01 de mayo de 2010
01.05.2010
El Trasluz

En el parque no hay cajeras

01.05.2010 | 02:00
En el parque no hay cajeras

La primavera tiene algo de delirium tremens. De súbito, el aire se llena de moscas, moscardones, avispas, abejas, pájaros? Te pasas el día viendo bichos, en fin. Sólo falta que escuches voces para que te ciñan la camisa de fuerza. Pongamos que todo esto es normal, te dices mientras paseas por el parque, que hasta hace cuatro días permanecía yermo. También las hormigas han abierto las puertas de sus habitáculos y se manifiestan en filas paralelas. Ahí están las que van de vacío y las que regresan cargadas con alguna semilla. ¿Y esto que acaba de estallar, te preguntas, dónde estaba? ¿Dónde se encontraban las pequeñas bombas de racimo productoras de toda esta metralla biológica?


El delirium tremens no llega a los despachos de contabilidad, ni a las notarías, ni al Congreso de los Diputados, ni al Senado. Hay lugares que permanecen idénticos a sí mismos, como si no ocurriera nada. Algunas crías de pájaros caen al suelo desde sus altos nidos y fallecen, implumes, sobre el césped. De sus cadáveres dan cuenta los gatos callejeros y las hormigas, que se los comen a pellizcos. Mientras nosotros vamos a la oficina, una pareja de gorriones vigila las primeras salidas de su prole. Piensa uno que el primer vuelo debe de crear una inquietud semejante a la que en los humanos produce la primera salida sin tutela del hijo adolescente. ¿Sabrá manejarse en el metro?
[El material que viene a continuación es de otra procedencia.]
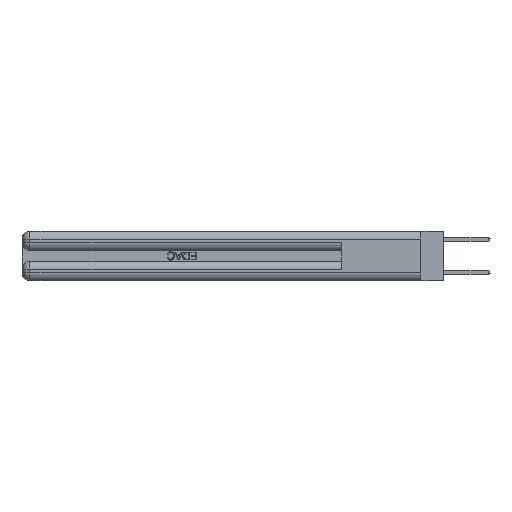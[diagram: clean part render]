
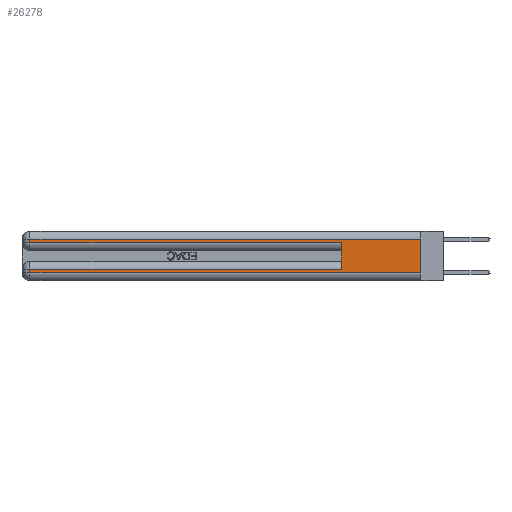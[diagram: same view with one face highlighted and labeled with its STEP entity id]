
A CAD part, left-side view. The second image highlights one B-rep face of the part: STEP entity #26278.
In plain terms, the highlighted planar face has unit normal (-1, 0, 0).
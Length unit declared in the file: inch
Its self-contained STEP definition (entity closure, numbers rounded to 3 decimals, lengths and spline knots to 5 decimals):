
#398 = VECTOR ( 'NONE', #5972, 39.37008 ) ;
#519 = LINE ( 'NONE', #16108, #11146 ) ;
#583 = LINE ( 'NONE', #736, #11159 ) ;
#736 = CARTESIAN_POINT ( 'NONE',  ( 0., 0.6, 0.145 ) ) ;
#1787 = EDGE_CURVE ( 'NONE', #4153, #21588, #583, .T. ) ;
#3024 = CARTESIAN_POINT ( 'NONE',  ( 0., 0., 0.31 ) ) ;
#3657 = DIRECTION ( 'NONE',  ( 0., 0., -1. ) ) ;
#4153 = VERTEX_POINT ( 'NONE', #9179 ) ;
#5039 = VECTOR ( 'NONE', #11322, 39.37008 ) ;
#5044 = EDGE_CURVE ( 'NONE', #15862, #21588, #20600, .T. ) ;
#5171 = VECTOR ( 'NONE', #3657, 39.37008 ) ;
#5366 = CARTESIAN_POINT ( 'NONE',  ( 0., 2.94, 0.06 ) ) ;
#5972 = DIRECTION ( 'NONE',  ( 0., 0., -1. ) ) ;
#6023 = VECTOR ( 'NONE', #20529, 39.37008 ) ;
#6636 = ORIENTED_EDGE ( 'NONE', *, *, #22118, .T. ) ;
#6942 = CARTESIAN_POINT ( 'NONE',  ( 0., 0., 0.37 ) ) ;
#7005 = FACE_OUTER_BOUND ( 'NONE', #25096, .T. ) ;
#8289 = EDGE_CURVE ( 'NONE', #22532, #8980, #519, .T. ) ;
#8980 = VERTEX_POINT ( 'NONE', #10600 ) ;
#9179 = CARTESIAN_POINT ( 'NONE',  ( 0., 0.6, 0.085 ) ) ;
#9655 = DIRECTION ( 'NONE',  ( 1., 0., 0. ) ) ;
#10600 = CARTESIAN_POINT ( 'NONE',  ( 0., 0., 0.06 ) ) ;
#10769 = EDGE_CURVE ( 'NONE', #28353, #15862, #17196, .T. ) ;
#11146 = VECTOR ( 'NONE', #18624, 39.37008 ) ;
#11159 = VECTOR ( 'NONE', #11755, 39.37008 ) ;
#11231 = CARTESIAN_POINT ( 'NONE',  ( 0., 0., 0.085 ) ) ;
#11322 = DIRECTION ( 'NONE',  ( 0., -1., 0. ) ) ;
#11363 = ORIENTED_EDGE ( 'NONE', *, *, #5044, .T. ) ;
#11696 = CARTESIAN_POINT ( 'NONE',  ( 0., 0., 0.31 ) ) ;
#11755 = DIRECTION ( 'NONE',  ( 0., 0., 1. ) ) ;
#12313 = ORIENTED_EDGE ( 'NONE', *, *, #19826, .F. ) ;
#12785 = ORIENTED_EDGE ( 'NONE', *, *, #10769, .T. ) ;
#13077 = CARTESIAN_POINT ( 'NONE',  ( 0., 2.94, 0.285 ) ) ;
#15036 = AXIS2_PLACEMENT_3D ( 'NONE', #16148, #9655, #20709 ) ;
#15074 = DIRECTION ( 'NONE',  ( 0., 1., 0. ) ) ;
#15122 = CARTESIAN_POINT ( 'NONE',  ( 0., 2.94, 0.37 ) ) ;
#15862 = VERTEX_POINT ( 'NONE', #13077 ) ;
#15944 = DIRECTION ( 'NONE',  ( 0., 0., -1. ) ) ;
#16108 = CARTESIAN_POINT ( 'NONE',  ( 0., 0., 0.06 ) ) ;
#16148 = CARTESIAN_POINT ( 'NONE',  ( 0., 0., 0.37 ) ) ;
#16581 = CARTESIAN_POINT ( 'NONE',  ( 0., 2.94, 0.37 ) ) ;
#16839 = VECTOR ( 'NONE', #15074, 39.37008 ) ;
#17111 = VERTEX_POINT ( 'NONE', #27691 ) ;
#17196 = LINE ( 'NONE', #15122, #5171 ) ;
#17515 = CARTESIAN_POINT ( 'NONE',  ( 0., 0.6, 0.285 ) ) ;
#17588 = LINE ( 'NONE', #11231, #16839 ) ;
#18624 = DIRECTION ( 'NONE',  ( 0., -1., 0. ) ) ;
#19077 = VECTOR ( 'NONE', #15944, 39.37008 ) ;
#19826 = EDGE_CURVE ( 'NONE', #25697, #8980, #27277, .T. ) ;
#20529 = DIRECTION ( 'NONE',  ( 0., 1., 0. ) ) ;
#20600 = LINE ( 'NONE', #20742, #5039 ) ;
#20709 = DIRECTION ( 'NONE',  ( 0., 0., -1. ) ) ;
#20742 = CARTESIAN_POINT ( 'NONE',  ( 0., 0., 0.285 ) ) ;
#20765 = ORIENTED_EDGE ( 'NONE', *, *, #1787, .F. ) ;
#21588 = VERTEX_POINT ( 'NONE', #17515 ) ;
#22118 = EDGE_CURVE ( 'NONE', #17111, #22532, #23604, .T. ) ;
#22314 = EDGE_CURVE ( 'NONE', #25697, #28353, #24934, .T. ) ;
#22344 = ORIENTED_EDGE ( 'NONE', *, *, #22314, .T. ) ;
#22532 = VERTEX_POINT ( 'NONE', #5366 ) ;
#23604 = LINE ( 'NONE', #16581, #398 ) ;
#24099 = EDGE_CURVE ( 'NONE', #4153, #17111, #17588, .T. ) ;
#24934 = LINE ( 'NONE', #11696, #6023 ) ;
#25096 = EDGE_LOOP ( 'NONE', ( #12313, #22344, #12785, #11363, #20765, #27457, #6636, #27298 ) ) ;
#25697 = VERTEX_POINT ( 'NONE', #3024 ) ;
#26278 = ADVANCED_FACE ( 'NONE', ( #7005 ), #27480, .F. ) ;
#26799 = CARTESIAN_POINT ( 'NONE',  ( 0., 2.94, 0.31 ) ) ;
#27277 = LINE ( 'NONE', #6942, #19077 ) ;
#27298 = ORIENTED_EDGE ( 'NONE', *, *, #8289, .T. ) ;
#27457 = ORIENTED_EDGE ( 'NONE', *, *, #24099, .T. ) ;
#27480 = PLANE ( 'NONE',  #15036 ) ;
#27691 = CARTESIAN_POINT ( 'NONE',  ( 0., 2.94, 0.085 ) ) ;
#28353 = VERTEX_POINT ( 'NONE', #26799 ) ;

Bien visto, el invierno fue un delirium tremens inverso. No se escuchaba un zumbido. Ese silencio cósmico que acompañaba al frío era tan exagerado como este despertar. El comportamiento de la naturaleza, si lo piensas, no deja de ser un poco maniaco depresivo. Ni el invierno debería ser tan silencioso ni el verano tan alborotador. Este pasar de un extremo a otro en cuestión de días resulta desconcertante para quienes desarrollamos la misma actividad durante todo el año. No hay derecho a que el campo esté como está y que la cajera del supermercado tenga que trabajar las mismas horas y los mismos días que en enero. Sería magnífico que el parque se llenara estos días también de cajeras de supermercado y de registradores de la propiedad y de notarios y de viudas recientes. Pero un servidor, que va al parque todos los días, no nota otro movimiento que el de los animales.